Enhanced Crenolanib-Based Therapies for FLT3 Mutated Proliferative Disorders

The present invention relates to novel improvements and enhancements of crenolanib-based therapies for treating FLT3 mutated proliferative disorders, providing more effective, efficient, and safe treatment options for patients.

The original patent, 'Crenolanib for treating FLT3 mutated proliferative disorders relapsed/refractory to prior treatment,' has limitations in terms of dosing, efficacy, and patient monitoring. The new inventive concept addresses these limitations by introducing systems, methods, and compositions that enhance the treatment outcomes and patient experience.

The new inventive concept encompasses a system for treating FLT3 mutated proliferative disorders, comprising a crenolanib administration module and a monitoring module for tracking FLT3 tyrosine kinase activity. The system adjusts the crenolanib administration based on the FLT3 tyrosine kinase activity, ensuring optimal treatment outcomes. Additionally, the inventive concept includes methods for enhancing the efficacy of crenolanib, compositions for treating FLT3 mutated proliferative disorders, and systems for monitoring and treating these disorders. These improvements provide more targeted, efficient, and safe treatment options for patients.

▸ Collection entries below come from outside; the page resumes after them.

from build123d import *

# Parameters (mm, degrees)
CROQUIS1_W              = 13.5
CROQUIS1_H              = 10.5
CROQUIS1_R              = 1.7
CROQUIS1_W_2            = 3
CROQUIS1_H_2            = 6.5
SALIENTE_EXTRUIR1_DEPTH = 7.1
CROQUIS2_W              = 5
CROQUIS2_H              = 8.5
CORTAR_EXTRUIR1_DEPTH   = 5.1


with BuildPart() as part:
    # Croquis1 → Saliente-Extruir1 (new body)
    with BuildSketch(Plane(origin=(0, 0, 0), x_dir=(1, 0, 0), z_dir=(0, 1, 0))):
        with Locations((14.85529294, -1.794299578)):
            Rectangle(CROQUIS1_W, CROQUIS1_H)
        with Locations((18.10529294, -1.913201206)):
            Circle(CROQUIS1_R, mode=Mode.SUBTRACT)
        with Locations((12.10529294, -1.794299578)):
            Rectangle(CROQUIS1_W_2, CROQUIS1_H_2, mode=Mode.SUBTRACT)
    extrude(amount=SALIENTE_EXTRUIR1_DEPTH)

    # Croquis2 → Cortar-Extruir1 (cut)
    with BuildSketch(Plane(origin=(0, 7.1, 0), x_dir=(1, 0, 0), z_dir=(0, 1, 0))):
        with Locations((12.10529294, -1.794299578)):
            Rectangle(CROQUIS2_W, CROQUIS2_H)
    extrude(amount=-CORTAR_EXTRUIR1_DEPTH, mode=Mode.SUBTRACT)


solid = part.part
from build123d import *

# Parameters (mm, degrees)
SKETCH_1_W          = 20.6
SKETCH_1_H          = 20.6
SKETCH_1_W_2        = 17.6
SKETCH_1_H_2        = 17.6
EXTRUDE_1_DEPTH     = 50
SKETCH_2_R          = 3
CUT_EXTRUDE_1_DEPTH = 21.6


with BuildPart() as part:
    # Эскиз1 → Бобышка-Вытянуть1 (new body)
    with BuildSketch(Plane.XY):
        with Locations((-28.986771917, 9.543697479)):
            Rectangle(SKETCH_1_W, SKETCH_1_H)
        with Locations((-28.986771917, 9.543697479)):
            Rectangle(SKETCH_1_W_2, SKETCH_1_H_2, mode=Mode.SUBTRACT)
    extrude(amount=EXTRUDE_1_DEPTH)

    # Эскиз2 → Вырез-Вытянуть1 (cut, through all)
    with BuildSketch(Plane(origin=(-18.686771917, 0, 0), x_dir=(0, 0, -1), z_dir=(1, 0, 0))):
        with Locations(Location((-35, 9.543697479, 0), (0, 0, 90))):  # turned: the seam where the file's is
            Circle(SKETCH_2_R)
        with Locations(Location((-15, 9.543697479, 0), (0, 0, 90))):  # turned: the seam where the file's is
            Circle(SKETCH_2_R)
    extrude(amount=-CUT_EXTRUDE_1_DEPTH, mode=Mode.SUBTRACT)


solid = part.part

The new claims introduce novel and non-obvious improvements to the original patent, including the integration of FLT3 tyrosine kinase activity monitoring, co-administration of second pharmaceutical agents, and the use of FLT3-binding antibodies. These advancements provide a significant inventive step over the prior art, enabling more effective and efficient treatment of FLT3 mutated proliferative disorders.

Alternative embodiments of the inventive concept may include varying the dose and administration schedule of crenolanib, using different types of FLT3 inhibitors or antibodies, or incorporating additional monitoring modules for tracking patient response. These variations ensure broad conceptual coverage and adaptability to different treatment scenarios.

The enhanced crenolanib-based therapies have significant commercial potential in the pharmaceutical industry, particularly in the treatment of FLT3 mutated proliferative disorders. The target market includes patients with relapsed or refractory FLT3 mutated cancers, as well as healthcare providers and researchers seeking more effective and efficient treatment options.